▶ WHAT THE EXERCISE ASKS
Please return every line of the records that contains the word "mechanical".
---+---
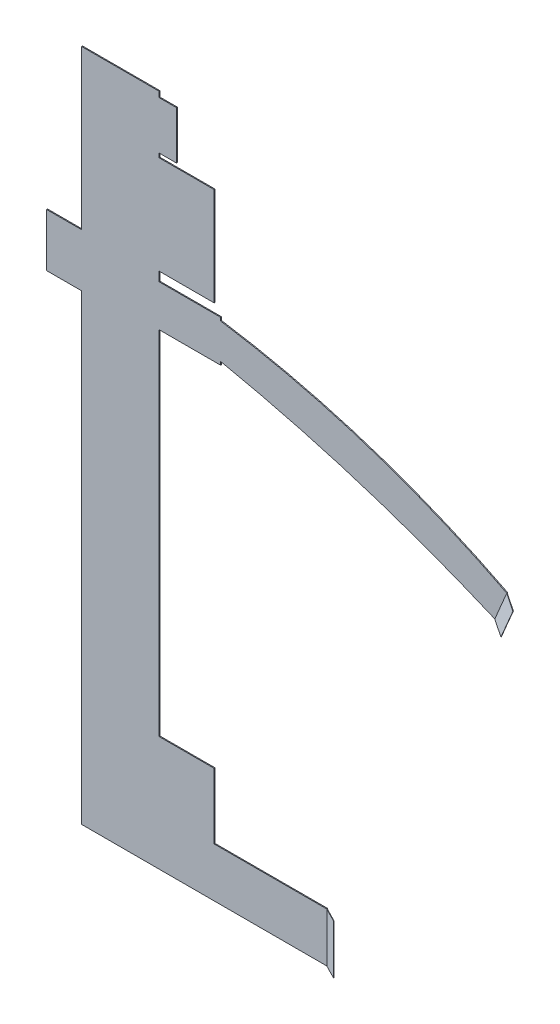
ISO-10303-21;
HEADER;
FILE_DESCRIPTION(('STEP AP214'),'2;1');
FILE_NAME('part.step','',(''),(''),'','','');
FILE_SCHEMA(('AUTOMOTIVE_DESIGN { 1 0 10303 214 1 1 1 1 }'));
ENDSEC;
DATA;
#1=APPLICATION_CONTEXT('core data for automotive mechanical design processes');
#2=APPLICATION_PROTOCOL_DEFINITION('international standard','automotive_design',2000,#1);
#3=PRODUCT_CONTEXT('',#1,'mechanical');
#4=PRODUCT('Part','Part','',(#3));
#5=PRODUCT_RELATED_PRODUCT_CATEGORY('part','',(#4));
#6=PRODUCT_DEFINITION_FORMATION('','',#4);
#7=PRODUCT_DEFINITION_CONTEXT('part definition',#1,'design');
#8=PRODUCT_DEFINITION('design','',#6,#7);
#9=PRODUCT_DEFINITION_SHAPE('','',#8);
#10=(LENGTH_UNIT() NAMED_UNIT(*) SI_UNIT(.MILLI.,.METRE.));
#11=(NAMED_UNIT(*) PLANE_ANGLE_UNIT() SI_UNIT($,.RADIAN.));
#12=(NAMED_UNIT(*) SI_UNIT($,.STERADIAN.) SOLID_ANGLE_UNIT());
#13=UNCERTAINTY_MEASURE_WITH_UNIT(LENGTH_MEASURE(1.E-05),#10,'distance_accuracy_value','');
#14=(GEOMETRIC_REPRESENTATION_CONTEXT(3) GLOBAL_UNCERTAINTY_ASSIGNED_CONTEXT((#13)) GLOBAL_UNIT_ASSIGNED_CONTEXT((#10,
#11,#12)) REPRESENTATION_CONTEXT('',''));
#15=CARTESIAN_POINT('',(0.,0.,0.));
#16=DIRECTION('',(0.,0.,1.));
#17=DIRECTION('',(1.,0.,0.));
#18=AXIS2_PLACEMENT_3D('',#15,#16,#17);
#19=CARTESIAN_POINT('',(-3.93603278625E-12,-673.599999999995,41.));
#20=DIRECTION('',(0.,-1.,0.));
#21=DIRECTION('',(1.,0.,0.));
#22=AXIS2_PLACEMENT_3D('',#19,#20,#21);
#23=PLANE('',#22);
#24=DIRECTION('',(1.,0.,0.));
#25=VECTOR('',#24,1.);
#26=CARTESIAN_POINT('',(-3.93603278625E-12,-673.599999999995,42.));
#27=LINE('',#26,#25);
#28=CARTESIAN_POINT('',(727.5,-673.599999999999,42.));
#29=VERTEX_POINT('',#28);
#30=CARTESIAN_POINT('',(765.5,-673.6,42.));
#31=VERTEX_POINT('',#30);
#32=EDGE_CURVE('E266',#29,#31,#27,.T.);
#33=ORIENTED_EDGE('',*,*,#32,.F.);
#34=DIRECTION('',(0.,0.,1.));
#35=VECTOR('',#34,1.);
#36=CARTESIAN_POINT('',(727.5,-673.599999999999,41.));
#37=LINE('',#36,#35);
#38=CARTESIAN_POINT('',(727.5,-673.599999999999,41.));
#39=VERTEX_POINT('',#38);
#40=EDGE_CURVE('E47',#39,#29,#37,.T.);
#41=ORIENTED_EDGE('',*,*,#40,.F.);
#42=DIRECTION('',(1.,0.,0.));
#43=VECTOR('',#42,1.);
#44=CARTESIAN_POINT('',(-3.93603278625E-12,-673.599999999995,41.));
#45=LINE('',#44,#43);
#46=CARTESIAN_POINT('',(765.5,-673.6,41.));
#47=VERTEX_POINT('',#46);
#48=EDGE_CURVE('E338',#39,#47,#45,.T.);
#49=ORIENTED_EDGE('',*,*,#48,.T.);
#50=DIRECTION('',(0.,0.,1.));
#51=VECTOR('',#50,1.);
#52=CARTESIAN_POINT('',(765.5,-673.6,41.));
#53=LINE('',#52,#51);
#54=EDGE_CURVE('E157',#47,#31,#53,.T.);
#55=ORIENTED_EDGE('',*,*,#54,.T.);
#56=EDGE_LOOP('',(#33,#41,#49,#55));
#57=FACE_BOUND('',#56,.T.);
#58=ADVANCED_FACE('F39',(#57),#23,.T.);
#59=CARTESIAN_POINT('',(727.500000000001,-1.40712064532198E-12,41.));
#60=DIRECTION('',(-1.,0.,0.));
#61=DIRECTION('',(0.,-1.,0.));
#62=AXIS2_PLACEMENT_3D('',#59,#60,#61);
#63=PLANE('',#62);
#64=DIRECTION('',(0.,-1.,0.));
#65=VECTOR('',#64,1.);
#66=CARTESIAN_POINT('',(727.500000000001,-1.40712064532198E-12,42.));
#67=LINE('',#66,#65);
#68=CARTESIAN_POINT('',(727.5,-616.2,42.));
#69=VERTEX_POINT('',#68);
#70=EDGE_CURVE('E335',#69,#29,#67,.T.);
#71=ORIENTED_EDGE('',*,*,#70,.F.);
#72=DIRECTION('',(0.,0.,1.));
#73=VECTOR('',#72,1.);
#74=CARTESIAN_POINT('',(727.5,-616.2,41.));
#75=LINE('',#74,#73);
#76=CARTESIAN_POINT('',(727.5,-616.2,41.));
#77=VERTEX_POINT('',#76);
#78=EDGE_CURVE('E255',#77,#69,#75,.T.);
#79=ORIENTED_EDGE('',*,*,#78,.F.);
#80=DIRECTION('',(0.,-1.,0.));
#81=VECTOR('',#80,1.);
#82=CARTESIAN_POINT('',(727.500000000001,-1.40712064532198E-12,41.));
#83=LINE('',#82,#81);
#84=EDGE_CURVE('E244',#77,#39,#83,.T.);
#85=ORIENTED_EDGE('',*,*,#84,.T.);
#86=ORIENTED_EDGE('',*,*,#40,.T.);
#87=EDGE_LOOP('',(#71,#79,#85,#86));
#88=FACE_BOUND('',#87,.T.);
#89=ADVANCED_FACE('F610',(#88),#63,.T.);
#90=CARTESIAN_POINT('',(-5.70099523145011E-12,-616.199999999993,41.));
#91=DIRECTION('',(0.,-1.,0.));
#92=DIRECTION('',(1.,0.,0.));
#93=AXIS2_PLACEMENT_3D('',#90,#91,#92);
#94=PLANE('',#93);
#95=DIRECTION('',(1.,0.,0.));
#96=VECTOR('',#95,1.);
#97=CARTESIAN_POINT('',(-5.70099523145011E-12,-616.199999999993,42.));
#98=LINE('',#97,#96);
#99=CARTESIAN_POINT('',(765.5,-616.2,42.));
#100=VERTEX_POINT('',#99);
#101=EDGE_CURVE('E251',#69,#100,#98,.T.);
#102=ORIENTED_EDGE('',*,*,#101,.T.);
#103=DIRECTION('',(0.,0.,1.));
#104=VECTOR('',#103,1.);
#105=CARTESIAN_POINT('',(765.5,-616.2,41.));
#106=LINE('',#105,#104);
#107=CARTESIAN_POINT('',(765.5,-616.2,41.));
#108=VERTEX_POINT('',#107);
#109=EDGE_CURVE('E248',#108,#100,#106,.T.);
#110=ORIENTED_EDGE('',*,*,#109,.F.);
#111=DIRECTION('',(1.,0.,0.));
#112=VECTOR('',#111,1.);
#113=CARTESIAN_POINT('',(-5.70099523145011E-12,-616.199999999993,41.));
#114=LINE('',#113,#112);
#115=EDGE_CURVE('E237',#77,#108,#114,.T.);
#116=ORIENTED_EDGE('',*,*,#115,.F.);
#117=ORIENTED_EDGE('',*,*,#78,.T.);
#118=EDGE_LOOP('',(#102,#110,#116,#117));
#119=FACE_BOUND('',#118,.T.);
#120=ADVANCED_FACE('F249',(#119),#94,.F.);
#121=CARTESIAN_POINT('',(765.500000000005,-6.82935850728131E-12,41.));
#122=DIRECTION('',(-1.,0.,0.));
#123=DIRECTION('',(0.,-1.,0.));
#124=AXIS2_PLACEMENT_3D('',#121,#122,#123);
#125=PLANE('',#124);
#126=DIRECTION('',(0.,-1.,0.));
#127=VECTOR('',#126,1.);
#128=CARTESIAN_POINT('',(765.500000000005,-6.82935850728131E-12,42.));
#129=LINE('',#128,#127);
#130=CARTESIAN_POINT('',(765.500000000001,-444.2,42.));
#131=VERTEX_POINT('',#130);
#132=EDGE_CURVE('E332',#131,#100,#129,.T.);
#133=ORIENTED_EDGE('',*,*,#132,.F.);
#134=DIRECTION('',(0.,0.,1.));
#135=VECTOR('',#134,1.);
#136=CARTESIAN_POINT('',(765.500000000001,-444.2,41.));
#137=LINE('',#136,#135);
#138=CARTESIAN_POINT('',(765.500000000001,-444.2,41.));
#139=VERTEX_POINT('',#138);
#140=EDGE_CURVE('E256',#139,#131,#137,.T.);
#141=ORIENTED_EDGE('',*,*,#140,.F.);
#142=DIRECTION('',(0.,-1.,0.));
#143=VECTOR('',#142,1.);
#144=CARTESIAN_POINT('',(765.500000000005,-6.82935850728131E-12,41.));
#145=LINE('',#144,#143);
#146=EDGE_CURVE('E242',#139,#108,#145,.T.);
#147=ORIENTED_EDGE('',*,*,#146,.T.);
#148=ORIENTED_EDGE('',*,*,#109,.T.);
#149=EDGE_LOOP('',(#133,#141,#147,#148));
#150=FACE_BOUND('',#149,.T.);
#151=ADVANCED_FACE('F258',(#150),#125,.T.);
#152=CARTESIAN_POINT('',(0.,-444.200000000001,41.));
#153=DIRECTION('',(0.,1.,0.));
#154=DIRECTION('',(0.,0.,1.));
#155=AXIS2_PLACEMENT_3D('',#152,#153,#154);
#156=PLANE('',#155);
#157=DIRECTION('',(-1.,0.,0.));
#158=VECTOR('',#157,1.);
#159=CARTESIAN_POINT('',(0.,-444.200000000001,42.));
#160=LINE('',#159,#158);
#161=CARTESIAN_POINT('',(849.200000000002,-444.200000000001,42.));
#162=VERTEX_POINT('',#161);
#163=EDGE_CURVE('E329',#162,#131,#160,.T.);
#164=ORIENTED_EDGE('',*,*,#163,.F.);
#165=DIRECTION('',(0.,0.,1.));
#166=VECTOR('',#165,1.);
#167=CARTESIAN_POINT('',(849.200000000002,-444.200000000001,41.));
#168=LINE('',#167,#166);
#169=CARTESIAN_POINT('',(849.200000000002,-444.200000000001,41.));
#170=VERTEX_POINT('',#169);
#171=EDGE_CURVE('E342',#170,#162,#168,.T.);
#172=ORIENTED_EDGE('',*,*,#171,.F.);
#173=DIRECTION('',(-1.,0.,0.));
#174=VECTOR('',#173,1.);
#175=CARTESIAN_POINT('',(0.,-444.200000000001,41.));
#176=LINE('',#175,#174);
#177=EDGE_CURVE('E259',#170,#139,#176,.T.);
#178=ORIENTED_EDGE('',*,*,#177,.T.);
#179=ORIENTED_EDGE('',*,*,#140,.T.);
#180=EDGE_LOOP('',(#164,#172,#178,#179));
#181=FACE_BOUND('',#180,.T.);
#182=ADVANCED_FACE('F619',(#181),#156,.T.);
#183=CARTESIAN_POINT('',(849.200000000002,0.,41.));
#184=DIRECTION('',(1.,0.,0.));
#185=DIRECTION('',(0.,0.,-1.));
#186=AXIS2_PLACEMENT_3D('',#183,#184,#185);
#187=PLANE('',#186);
#188=DIRECTION('',(0.,1.,0.));
#189=VECTOR('',#188,1.);
#190=CARTESIAN_POINT('',(849.200000000002,0.,42.));
#191=LINE('',#190,#189);
#192=CARTESIAN_POINT('',(849.200000000002,-450.200000000001,42.));
#193=VERTEX_POINT('',#192);
#194=EDGE_CURVE('E292',#193,#162,#191,.T.);
#195=ORIENTED_EDGE('',*,*,#194,.F.);
#196=DIRECTION('',(0.,0.,1.));
#197=VECTOR('',#196,1.);
#198=CARTESIAN_POINT('',(849.200000000002,-450.200000000001,41.));
#199=LINE('',#198,#197);
#200=CARTESIAN_POINT('',(849.200000000002,-450.200000000001,41.));
#201=VERTEX_POINT('',#200);
#202=EDGE_CURVE('E344',#201,#193,#199,.T.);
#203=ORIENTED_EDGE('',*,*,#202,.F.);
#204=DIRECTION('',(0.,1.,0.));
#205=VECTOR('',#204,1.);
#206=CARTESIAN_POINT('',(849.200000000002,0.,41.));
#207=LINE('',#206,#205);
#208=EDGE_CURVE('E261',#201,#170,#207,.T.);
#209=ORIENTED_EDGE('',*,*,#208,.T.);
#210=ORIENTED_EDGE('',*,*,#171,.T.);
#211=EDGE_LOOP('',(#195,#203,#209,#210));
#212=FACE_BOUND('',#211,.T.);
#213=ADVANCED_FACE('F644',(#212),#187,.T.);
#214=CARTESIAN_POINT('',(0.,-450.200000000001,41.));
#215=DIRECTION('',(0.,1.,0.));
#216=DIRECTION('',(0.,0.,1.));
#217=AXIS2_PLACEMENT_3D('',#214,#215,#216);
#218=PLANE('',#217);
#219=DIRECTION('',(-1.,0.,0.));
#220=VECTOR('',#219,1.);
#221=CARTESIAN_POINT('',(0.,-450.200000000001,42.));
#222=LINE('',#221,#220);
#223=CARTESIAN_POINT('',(868.200000000002,-450.200000000001,42.));
#224=VERTEX_POINT('',#223);
#225=EDGE_CURVE('E326',#224,#193,#222,.T.);
#226=ORIENTED_EDGE('',*,*,#225,.F.);
#227=DIRECTION('',(0.,0.,1.));
#228=VECTOR('',#227,1.);
#229=CARTESIAN_POINT('',(868.200000000002,-450.200000000001,41.));
#230=LINE('',#229,#228);
#231=CARTESIAN_POINT('',(868.200000000002,-450.200000000001,41.));
#232=VERTEX_POINT('',#231);
#233=EDGE_CURVE('E346',#232,#224,#230,.T.);
#234=ORIENTED_EDGE('',*,*,#233,.F.);
#235=DIRECTION('',(-1.,0.,0.));
#236=VECTOR('',#235,1.);
#237=CARTESIAN_POINT('',(0.,-450.200000000001,41.));
#238=LINE('',#237,#236);
#239=EDGE_CURVE('E480',#232,#201,#238,.T.);
#240=ORIENTED_EDGE('',*,*,#239,.T.);
#241=ORIENTED_EDGE('',*,*,#202,.T.);
#242=EDGE_LOOP('',(#226,#234,#240,#241));
#243=FACE_BOUND('',#242,.T.);
#244=ADVANCED_FACE('F654',(#243),#218,.T.);
#245=CARTESIAN_POINT('',(868.200000000002,0.,41.));
#246=DIRECTION('',(1.,0.,0.));
#247=DIRECTION('',(0.,0.,-1.));
#248=AXIS2_PLACEMENT_3D('',#245,#246,#247);
#249=PLANE('',#248);
#250=DIRECTION('',(0.,1.,0.));
#251=VECTOR('',#250,1.);
#252=CARTESIAN_POINT('',(868.200000000002,0.,42.));
#253=LINE('',#252,#251);
#254=CARTESIAN_POINT('',(868.200000000002,-502.200000000001,42.));
#255=VERTEX_POINT('',#254);
#256=EDGE_CURVE('E323',#255,#224,#253,.T.);
#257=ORIENTED_EDGE('',*,*,#256,.F.);
#258=DIRECTION('',(0.,0.,1.));
#259=VECTOR('',#258,1.);
#260=CARTESIAN_POINT('',(868.200000000002,-502.200000000001,41.));
#261=LINE('',#260,#259);
#262=CARTESIAN_POINT('',(868.200000000002,-502.200000000001,41.));
#263=VERTEX_POINT('',#262);
#264=EDGE_CURVE('E348',#263,#255,#261,.T.);
#265=ORIENTED_EDGE('',*,*,#264,.F.);
#266=DIRECTION('',(0.,1.,0.));
#267=VECTOR('',#266,1.);
#268=CARTESIAN_POINT('',(868.200000000002,0.,41.));
#269=LINE('',#268,#267);
#270=EDGE_CURVE('E478',#263,#232,#269,.T.);
#271=ORIENTED_EDGE('',*,*,#270,.T.);
#272=ORIENTED_EDGE('',*,*,#233,.T.);
#273=EDGE_LOOP('',(#257,#265,#271,#272));
#274=FACE_BOUND('',#273,.T.);
#275=ADVANCED_FACE('F624',(#274),#249,.T.);
#276=CARTESIAN_POINT('',(-5.86898950491309E-12,-502.199999999991,41.));
#277=DIRECTION('',(0.,-1.,0.));
#278=DIRECTION('',(1.,0.,0.));
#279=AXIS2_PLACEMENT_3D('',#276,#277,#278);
---+---
▶ RESULT
#1=APPLICATION_CONTEXT('core data for automotive mechanical design processes');
#3=PRODUCT_CONTEXT('',#1,'mechanical');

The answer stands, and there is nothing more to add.